I already have a 5 gallon bucket and a 450 gph pump laying around. Might as well put em to good use.


----------



## Coral Keeper (Sep 14, 2007)

epicfish said:


> Cool. South Sacramento here.
> 
> You need a regulator designed for "regular" sized cylinders. These regulators have CGA-320 fittings versus paintball fittings.
> 
> ...


Nice!

Ok.

Can I use a wooden air stone for diffusion? What kind of check valve should I get? There are a lot of different kinds.


----------



## Coral Keeper (Sep 14, 2007)

Homer_Simpson said:


> I understand... but if you don't turn the light on at all, your plants could suffer. Just turn the lights on with a split photoperiod 3 hours on 2 hours off and 3 hours on(or just 3-4 hours if you are really worried), heavily plant the tank with 25% floaters and some fast growing stem plants, leave the c02 going and if you can try and add another bottle at least, and dose Seachem Excel at 2x dosage. Algae eaters like some Amano Shrimp can also help but I don't know how compatible they would be with your fish. If you had a cover, I would also suggest nerite snails, but they will escape in your case. Algae eaters in your case will help with any residual algae that forms before it gets out of hand. If you do these things, it shouldn't break the bank and should help lots. At the very least it may buy you some more time until you can find an affordable pressurized c02 system.
> 
> Good luck.


I'll just put my old lights back on for now. Don't want to risk algae growth cuz everyone scared me with it. LOL


----------



## Coral Keeper (Sep 14, 2007)

Will one of these work as a CO2 tank? Or is it way too small? Its empty BTW.


----------



## epicfish (Sep 11, 2006)

That's a propane tank.


----------



## Coral Keeper (Sep 14, 2007)

epicfish said:


> That's a propane tank.


Its empty. It wont work?


----------



## epicfish (Sep 11, 2006)

Coral Keeper said:


> Its empty. It wont work?


No.


----------



## Coral Keeper (Sep 14, 2007)

epicfish said:


> No.


Ok. Umm.. do you have any CO2 tanks/equipment laying around at your house that I can buy? lol


----------



## Coral Keeper (Sep 14, 2007)

How big of a CO2 tank should I get?

Sorry about all the questions! I'm a high tech newby.


----------



## chuukus (Jun 17, 2008)

I dont know if you can find one but where i live theres a few places that refurbish old fire extinguishers into new co2 tanks. Get out the yellow pages and look for places that fill Co2 tanks you probably want a 5lb tank or a 10lb. I bought a nice shiny aluminum 10lb just hydro tested full for $59.99 Look under gases in the yellow pages.


----------



## Coral Keeper (Sep 14, 2007)

chuukus said:


> I dont know if you can find one but where i live theres a few places that refurbish old fire extinguishers into new co2 tanks. Get out the yellow pages and look for places that fill Co2 tanks you probably want a 5lb tank or a 10lb. I bought a nice shiny aluminum 10lb just hydro tested full for $59.99 Look under gases in the yellow pages.
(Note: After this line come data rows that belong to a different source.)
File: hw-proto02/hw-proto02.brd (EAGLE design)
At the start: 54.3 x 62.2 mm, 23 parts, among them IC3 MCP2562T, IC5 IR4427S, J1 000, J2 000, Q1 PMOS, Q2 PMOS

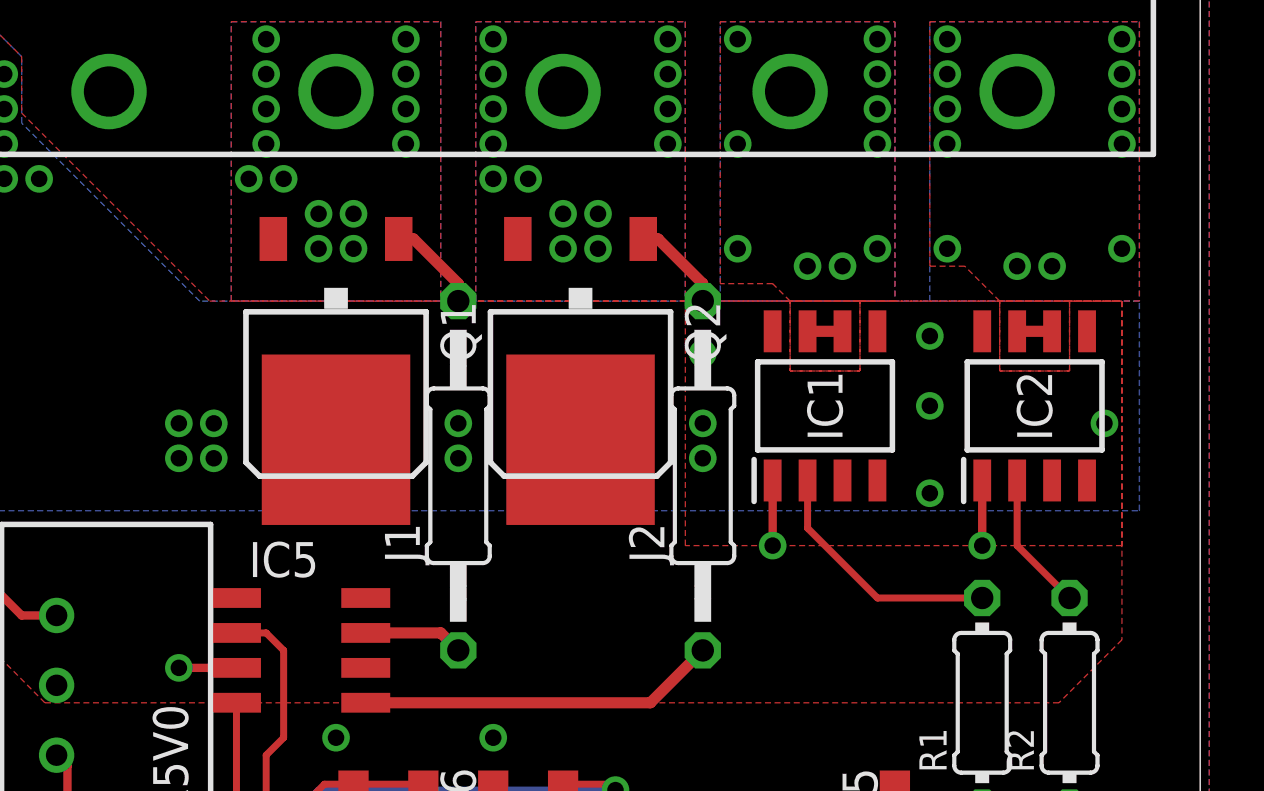
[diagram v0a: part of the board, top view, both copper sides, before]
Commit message: changed to power-so8 fets
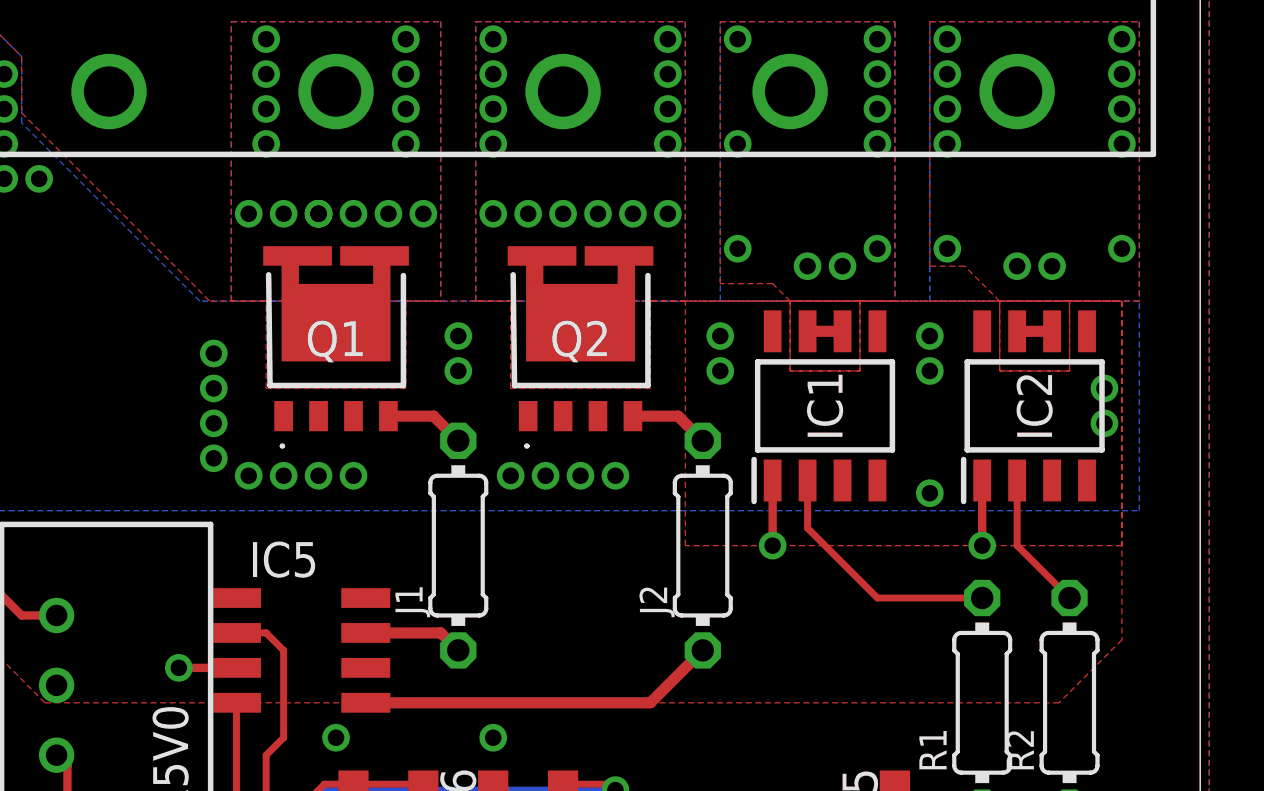
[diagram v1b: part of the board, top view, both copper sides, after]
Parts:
- J1, J2: device rcl:0207/12 -> rcl:0204/7
- Q1, Q2: value PMOS -> SQJ147ELP-T1_GE3; device transistor-mosfet-specialpkg:D-PAK_TO252AA -> transistor-vishay-pchan-pso8:SQJ147ELPT1_GE3
- moved J1 2.54 mm to (27.3, 50.8)
- moved J2 2.54 mm to (36.2, 50.8)
- moved Q1 1.27 mm to (22.9, 58.4), turned to 0 degrees
- moved Q2 1.27 mm to (31.8, 58.4), turned to 0 degrees
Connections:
- net +12V: now also Q1.1, Q1.2, Q1.3, Q2.1, Q2.2, Q2.3; no longer Q1.4, Q2.4
- net N$5: now also Q1.4; no longer Q1.1
- net N$6: now also Q2.4; no longer Q2.1
- net SW1: now also Q1.5, Q1.6, Q1.7, Q1.8, Q1.9; no longer Q1.3
- net SW2: now also Q2.5, Q2.6, Q2.7, Q2.8, Q2.9; no longer Q2.3
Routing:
- net SW2: track 0.00 -> 5.31 mm
- net SW1: track 0.00 -> 1.90 mm, vias 14 -> 15
- net N$6: track 3.47 -> 2.91 mm
- net N$5: track 3.47 -> 2.91 mm
- net +12V: vias 34 -> 42

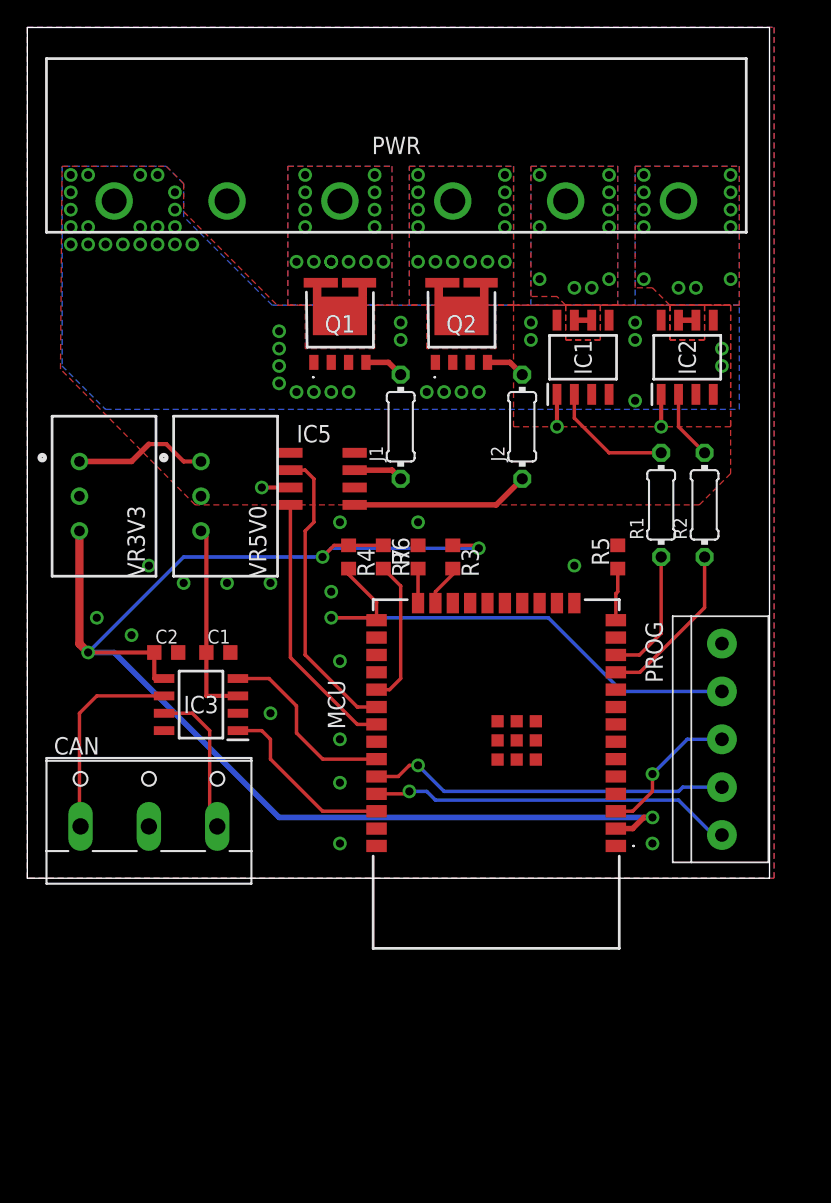
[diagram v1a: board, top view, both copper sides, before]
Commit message: made the +12v connection more chonky
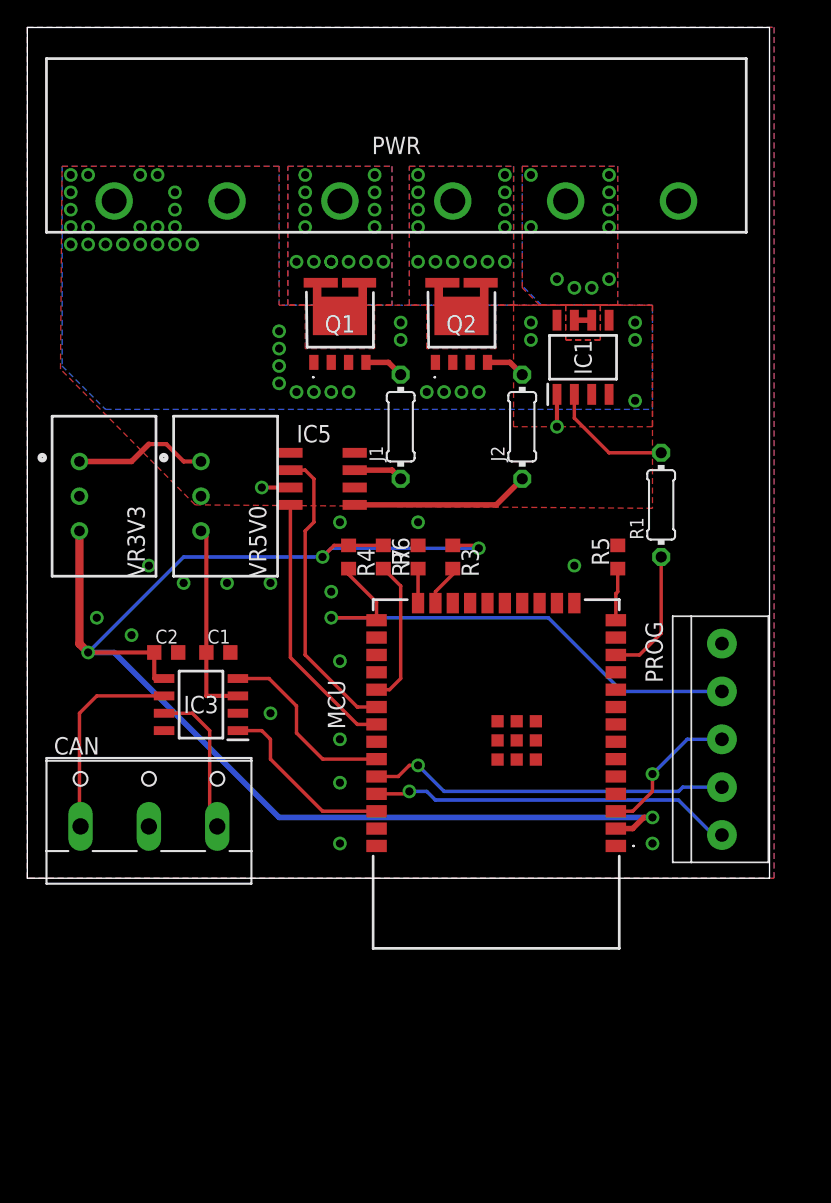
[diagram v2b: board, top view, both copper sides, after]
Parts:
- removed IC2: (no value), VN5E160MSTR-E:SOIC127P600X175-8N
- removed R2: 10K0, rcl:0204/7
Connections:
- removed net N$8: IC2.2, R2.2
- removed net SW4: IC2.6, IC2.7, PWR.6
- net +12V: now also PWR.2; no longer IC2.5, IC2.8
- net CTL4: no longer R2.1
- net GND: now also PWR.6; no longer IC2.1, PWR.2
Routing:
- net CTL4: track 12.2 -> 0.00 mm
- net N$8: track 5.06 -> 0.00 mm
- net GND: track 6.83 -> 4.46 mm, vias 19 -> 18
- net SW4: track 1.27 -> 0.00 mm, vias 12 -> 0
- net +12V: vias 42 -> 40
- removed copper zone on layer 1, net SW4
- removed copper zone on layer 16, net SW4
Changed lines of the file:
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@@
 <attribute name="MOUSER_PRICE-STOCK" value="https://www.mouser.co.uk/ProductDetail/STMicroelectronics/VN5E160MSTR-E?qs=WSSg0AwdCh77XxtxsYEeyw%3D%3D" x="40.64" y="55.88" size="1.778" layer="27" rot="R90" display="off"/>
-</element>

10 lb for $59.99!?! Nice! How much does it cost to refill a 10 lb and how long does it last?


----------



## Buckeye_Robert (Jul 29, 2005)

You are in for a head full of learning with the GREAT people at TPT. 
for a high tech newby

first with the question of *how long will the 10lbs of co2 will last* depends on 
a few things 

Your KH level from your tap
higher KH the more your controller will cycle keeping the correct PH.
(avoid a crash get a PH controller.)

Substrate will also raise or lower the PH level.
corel shells types have some of the highest buffers 

Aquasoil has the lowest buffering properties
many others fall somewhere between these.

Type of filter used IE:canisters use less CO2 than HOB(surface water movement)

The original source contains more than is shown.